Selanjutnya persiapan alat dilakukan dengan menyediakan sarung tangan steril, kit jahit, obat anestesi lokal seperti lidocaine dengan atau tanpa epinefrin, material dressing bila perlu (produk non-oklusif seperti gauze, dan semi-oklusif seperti foams, hidrogel, dan hidrokoloid). Madu juga dapat dimanfaatkan untuk dressing luka.
Selain itu, cairan desinfektan seperti povidone iodine/chlorhexidine, drapes steril, serta pencahayaan yang baik juga harus dipersiapkan sebelum prosedur. Pasien juga harus diposisikan sedemikian rupa agar nyaman dan mempermudah operator untuk melakukan tindakan, tergantung lokasi luka.[5,9]
Persiapan Pasien
Sebelum melakukan tindakan penjahitan luka, persiapan pasien yang perlu dilakukan yakni meliputi anamnesis menyeluruh mengenai cedera dan riwayat imunisasi, informed consent, serta penjelasan diperlukannya kontrol lebih lanjut untuk manajemen luka.
Anamnesis
Anamnesis pada pasien yang perlu dilakukan yakni mekanisme luka, penanganan awal yang sudah dilakukan pasien sebelum datang ke dokter, riwayat penyakit seperti diabetes mellitus tipe 2, serta status vaksinasi. Pastikan pasien tidak memiliki riwayat alergi sebelum menyuntikkan obat anestesi lokal, seperti lidocaine, maupun vaksin, seperti vaksin tetanus.

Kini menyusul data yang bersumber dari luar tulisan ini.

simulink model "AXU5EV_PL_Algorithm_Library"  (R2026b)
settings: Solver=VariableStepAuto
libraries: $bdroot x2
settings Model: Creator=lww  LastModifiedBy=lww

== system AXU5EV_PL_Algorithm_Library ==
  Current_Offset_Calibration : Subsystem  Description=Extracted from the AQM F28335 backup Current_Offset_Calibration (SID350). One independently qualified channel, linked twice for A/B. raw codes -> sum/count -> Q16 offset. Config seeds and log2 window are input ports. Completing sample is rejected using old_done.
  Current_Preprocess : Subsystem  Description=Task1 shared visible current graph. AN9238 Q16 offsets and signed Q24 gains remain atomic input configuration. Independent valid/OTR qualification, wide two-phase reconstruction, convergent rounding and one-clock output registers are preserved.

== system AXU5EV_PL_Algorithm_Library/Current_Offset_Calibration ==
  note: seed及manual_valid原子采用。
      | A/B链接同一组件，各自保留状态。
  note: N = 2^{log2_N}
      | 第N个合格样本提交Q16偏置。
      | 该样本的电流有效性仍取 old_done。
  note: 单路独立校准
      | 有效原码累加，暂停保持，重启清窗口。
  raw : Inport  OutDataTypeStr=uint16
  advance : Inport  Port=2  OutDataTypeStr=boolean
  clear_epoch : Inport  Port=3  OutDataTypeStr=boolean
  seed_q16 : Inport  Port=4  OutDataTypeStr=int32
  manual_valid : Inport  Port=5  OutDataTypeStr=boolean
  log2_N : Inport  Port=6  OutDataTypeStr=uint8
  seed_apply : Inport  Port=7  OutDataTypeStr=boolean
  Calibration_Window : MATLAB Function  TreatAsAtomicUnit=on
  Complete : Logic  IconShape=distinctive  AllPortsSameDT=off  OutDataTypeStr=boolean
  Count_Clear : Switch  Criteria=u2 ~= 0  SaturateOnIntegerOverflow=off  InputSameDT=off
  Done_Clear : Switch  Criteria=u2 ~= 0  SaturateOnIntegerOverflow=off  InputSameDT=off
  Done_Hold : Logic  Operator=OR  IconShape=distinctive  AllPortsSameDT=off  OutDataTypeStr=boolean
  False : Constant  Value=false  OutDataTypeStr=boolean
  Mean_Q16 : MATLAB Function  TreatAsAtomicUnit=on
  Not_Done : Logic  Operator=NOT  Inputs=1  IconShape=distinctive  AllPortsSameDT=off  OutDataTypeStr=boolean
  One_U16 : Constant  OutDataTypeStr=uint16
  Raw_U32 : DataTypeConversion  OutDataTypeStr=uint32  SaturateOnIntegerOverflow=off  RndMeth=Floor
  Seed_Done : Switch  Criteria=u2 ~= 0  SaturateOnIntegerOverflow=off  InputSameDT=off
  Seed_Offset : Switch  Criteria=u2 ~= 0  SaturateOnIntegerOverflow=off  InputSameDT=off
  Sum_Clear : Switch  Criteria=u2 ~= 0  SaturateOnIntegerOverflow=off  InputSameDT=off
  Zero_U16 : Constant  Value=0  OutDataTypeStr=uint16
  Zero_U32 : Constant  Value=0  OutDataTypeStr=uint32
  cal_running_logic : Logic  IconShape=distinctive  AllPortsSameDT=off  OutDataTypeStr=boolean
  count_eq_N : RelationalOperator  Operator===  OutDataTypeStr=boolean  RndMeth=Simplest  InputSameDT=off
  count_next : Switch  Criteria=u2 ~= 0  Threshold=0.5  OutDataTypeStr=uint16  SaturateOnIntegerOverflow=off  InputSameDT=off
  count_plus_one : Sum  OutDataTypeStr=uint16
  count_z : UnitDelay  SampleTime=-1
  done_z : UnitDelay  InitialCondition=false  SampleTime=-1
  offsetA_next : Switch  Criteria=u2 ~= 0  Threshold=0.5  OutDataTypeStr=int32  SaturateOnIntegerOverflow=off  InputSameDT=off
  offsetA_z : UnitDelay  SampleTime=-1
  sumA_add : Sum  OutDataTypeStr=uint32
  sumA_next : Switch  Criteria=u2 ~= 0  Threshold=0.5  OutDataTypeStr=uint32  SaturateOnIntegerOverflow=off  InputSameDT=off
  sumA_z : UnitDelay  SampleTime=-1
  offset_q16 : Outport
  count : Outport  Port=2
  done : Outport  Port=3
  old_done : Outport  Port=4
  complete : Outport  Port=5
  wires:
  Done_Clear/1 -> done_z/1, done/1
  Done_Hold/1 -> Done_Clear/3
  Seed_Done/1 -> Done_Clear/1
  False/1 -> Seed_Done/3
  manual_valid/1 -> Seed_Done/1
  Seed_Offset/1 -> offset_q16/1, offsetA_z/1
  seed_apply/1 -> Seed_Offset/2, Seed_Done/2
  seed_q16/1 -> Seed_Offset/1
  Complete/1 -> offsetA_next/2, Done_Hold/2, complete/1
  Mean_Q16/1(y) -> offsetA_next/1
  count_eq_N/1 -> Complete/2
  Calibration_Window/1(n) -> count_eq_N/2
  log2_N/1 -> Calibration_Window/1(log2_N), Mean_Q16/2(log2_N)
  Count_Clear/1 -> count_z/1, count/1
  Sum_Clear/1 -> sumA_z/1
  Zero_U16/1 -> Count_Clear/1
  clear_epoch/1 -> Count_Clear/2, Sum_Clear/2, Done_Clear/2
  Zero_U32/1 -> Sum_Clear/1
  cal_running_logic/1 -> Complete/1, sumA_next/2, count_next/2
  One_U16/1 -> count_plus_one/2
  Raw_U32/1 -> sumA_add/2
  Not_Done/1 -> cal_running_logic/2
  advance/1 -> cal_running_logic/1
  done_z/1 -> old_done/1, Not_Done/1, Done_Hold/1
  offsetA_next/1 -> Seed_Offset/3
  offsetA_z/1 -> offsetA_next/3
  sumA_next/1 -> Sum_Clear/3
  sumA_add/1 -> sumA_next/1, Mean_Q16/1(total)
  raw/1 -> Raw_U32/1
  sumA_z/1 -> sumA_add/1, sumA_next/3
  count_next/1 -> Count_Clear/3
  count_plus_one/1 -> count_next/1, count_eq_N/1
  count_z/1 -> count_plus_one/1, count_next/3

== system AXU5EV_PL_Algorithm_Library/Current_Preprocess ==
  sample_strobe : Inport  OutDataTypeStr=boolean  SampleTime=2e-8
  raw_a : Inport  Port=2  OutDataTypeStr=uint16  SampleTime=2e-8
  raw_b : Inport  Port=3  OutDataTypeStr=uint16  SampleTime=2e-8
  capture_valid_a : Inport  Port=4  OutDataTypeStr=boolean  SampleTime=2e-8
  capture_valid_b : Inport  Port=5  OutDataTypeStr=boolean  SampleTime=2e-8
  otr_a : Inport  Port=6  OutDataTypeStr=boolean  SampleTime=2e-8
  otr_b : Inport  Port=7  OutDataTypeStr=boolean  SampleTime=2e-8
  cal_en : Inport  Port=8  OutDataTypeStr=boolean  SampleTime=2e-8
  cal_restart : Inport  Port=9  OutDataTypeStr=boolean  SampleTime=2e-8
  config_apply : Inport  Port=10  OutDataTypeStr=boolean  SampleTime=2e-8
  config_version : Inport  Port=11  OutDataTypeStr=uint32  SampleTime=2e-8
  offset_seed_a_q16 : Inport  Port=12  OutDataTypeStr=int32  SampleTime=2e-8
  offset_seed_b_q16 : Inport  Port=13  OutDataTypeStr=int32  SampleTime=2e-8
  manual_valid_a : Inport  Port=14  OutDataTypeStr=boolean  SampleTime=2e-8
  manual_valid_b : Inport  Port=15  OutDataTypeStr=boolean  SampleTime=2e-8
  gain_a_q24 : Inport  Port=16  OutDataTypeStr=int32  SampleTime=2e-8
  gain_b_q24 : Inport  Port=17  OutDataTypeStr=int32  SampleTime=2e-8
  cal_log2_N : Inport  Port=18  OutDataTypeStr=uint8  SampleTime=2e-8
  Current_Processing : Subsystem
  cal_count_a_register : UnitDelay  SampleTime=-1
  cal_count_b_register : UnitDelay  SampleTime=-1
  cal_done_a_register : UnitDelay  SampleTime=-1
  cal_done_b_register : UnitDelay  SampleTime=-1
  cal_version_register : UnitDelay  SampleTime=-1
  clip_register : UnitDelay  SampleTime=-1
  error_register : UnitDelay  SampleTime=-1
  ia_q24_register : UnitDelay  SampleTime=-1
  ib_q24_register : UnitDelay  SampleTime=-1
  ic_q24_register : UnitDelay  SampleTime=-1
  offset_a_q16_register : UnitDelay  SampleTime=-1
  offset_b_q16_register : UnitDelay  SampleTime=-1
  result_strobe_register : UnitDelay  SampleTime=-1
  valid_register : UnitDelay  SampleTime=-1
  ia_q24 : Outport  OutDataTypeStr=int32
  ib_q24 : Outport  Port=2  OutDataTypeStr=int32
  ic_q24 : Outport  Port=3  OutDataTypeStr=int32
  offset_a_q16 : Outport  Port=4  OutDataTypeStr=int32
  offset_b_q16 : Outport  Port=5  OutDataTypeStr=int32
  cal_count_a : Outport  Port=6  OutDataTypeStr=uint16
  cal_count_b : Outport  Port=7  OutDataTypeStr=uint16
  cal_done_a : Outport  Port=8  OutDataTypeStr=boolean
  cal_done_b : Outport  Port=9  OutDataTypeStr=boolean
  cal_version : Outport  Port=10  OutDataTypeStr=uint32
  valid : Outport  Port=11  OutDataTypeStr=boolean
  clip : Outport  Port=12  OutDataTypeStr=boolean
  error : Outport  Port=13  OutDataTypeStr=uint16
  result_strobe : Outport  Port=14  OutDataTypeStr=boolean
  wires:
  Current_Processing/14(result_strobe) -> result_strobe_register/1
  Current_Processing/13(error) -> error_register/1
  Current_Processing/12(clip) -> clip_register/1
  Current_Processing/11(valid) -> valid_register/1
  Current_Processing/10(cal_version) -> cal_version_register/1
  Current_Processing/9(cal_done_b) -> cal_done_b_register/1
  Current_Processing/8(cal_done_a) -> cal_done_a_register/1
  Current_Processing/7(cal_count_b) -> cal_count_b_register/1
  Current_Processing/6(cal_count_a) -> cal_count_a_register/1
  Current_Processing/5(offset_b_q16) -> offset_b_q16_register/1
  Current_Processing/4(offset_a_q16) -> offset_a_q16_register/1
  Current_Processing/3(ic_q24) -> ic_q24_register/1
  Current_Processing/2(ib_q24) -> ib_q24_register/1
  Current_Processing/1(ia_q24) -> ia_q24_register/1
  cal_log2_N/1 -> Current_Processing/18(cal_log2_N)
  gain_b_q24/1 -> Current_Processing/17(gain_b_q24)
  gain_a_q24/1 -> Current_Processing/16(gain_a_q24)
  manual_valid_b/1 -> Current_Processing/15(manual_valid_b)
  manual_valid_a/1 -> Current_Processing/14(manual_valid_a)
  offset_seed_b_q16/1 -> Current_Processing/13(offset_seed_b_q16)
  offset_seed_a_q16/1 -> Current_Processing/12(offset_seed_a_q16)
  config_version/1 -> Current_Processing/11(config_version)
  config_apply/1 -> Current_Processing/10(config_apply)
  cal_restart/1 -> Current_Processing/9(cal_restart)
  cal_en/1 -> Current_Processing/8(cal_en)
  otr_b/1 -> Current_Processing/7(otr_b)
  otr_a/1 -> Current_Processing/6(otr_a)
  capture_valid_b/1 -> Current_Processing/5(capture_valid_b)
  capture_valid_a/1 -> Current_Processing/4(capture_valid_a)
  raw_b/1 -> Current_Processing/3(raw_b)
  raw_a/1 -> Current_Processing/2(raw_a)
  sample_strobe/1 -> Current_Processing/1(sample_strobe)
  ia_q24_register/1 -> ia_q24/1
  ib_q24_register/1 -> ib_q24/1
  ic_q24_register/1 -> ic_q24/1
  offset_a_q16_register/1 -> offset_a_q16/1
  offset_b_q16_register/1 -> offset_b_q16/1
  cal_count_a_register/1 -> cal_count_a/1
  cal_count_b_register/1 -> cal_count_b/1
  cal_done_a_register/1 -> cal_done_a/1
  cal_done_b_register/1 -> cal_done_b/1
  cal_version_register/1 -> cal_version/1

Pada saat menanyakan mengenai mekanisme luka, perlu dilakukan anamnesis mengenai:
- Adanya jaringan yang hancur maupun hilang
- Kontaminasi luka dan tingkat kontaminasi, termasuk pemberian odol, kecap, atau benda lainnya yang dapat meningkatkan risiko terjadinya infeksi
- Lokasi cedera dan waktu kejadian cedera yang menimbulkan luka
- Apakah terdapat luka penetrasi maupun kontaminasi benda asing[1,26]
Informed Consent
Lakukan informed consent pada pasien dan atau keluarga pasien mengenai tindakan yang akan dilakukan, tujuan, manfaat, risiko dan komplikasi yang mungkin terjadi selama proses atau pasca tindakan penjahitan kulit. Pastikan pasien atau keluarga pasien menandatangani lembar persetujuan tindakan dan informed consent.[1,5]
Peralatan
Peralatan yang harus disiapkan untuk tindakan penjahitan kulit yakni sebagai berikut.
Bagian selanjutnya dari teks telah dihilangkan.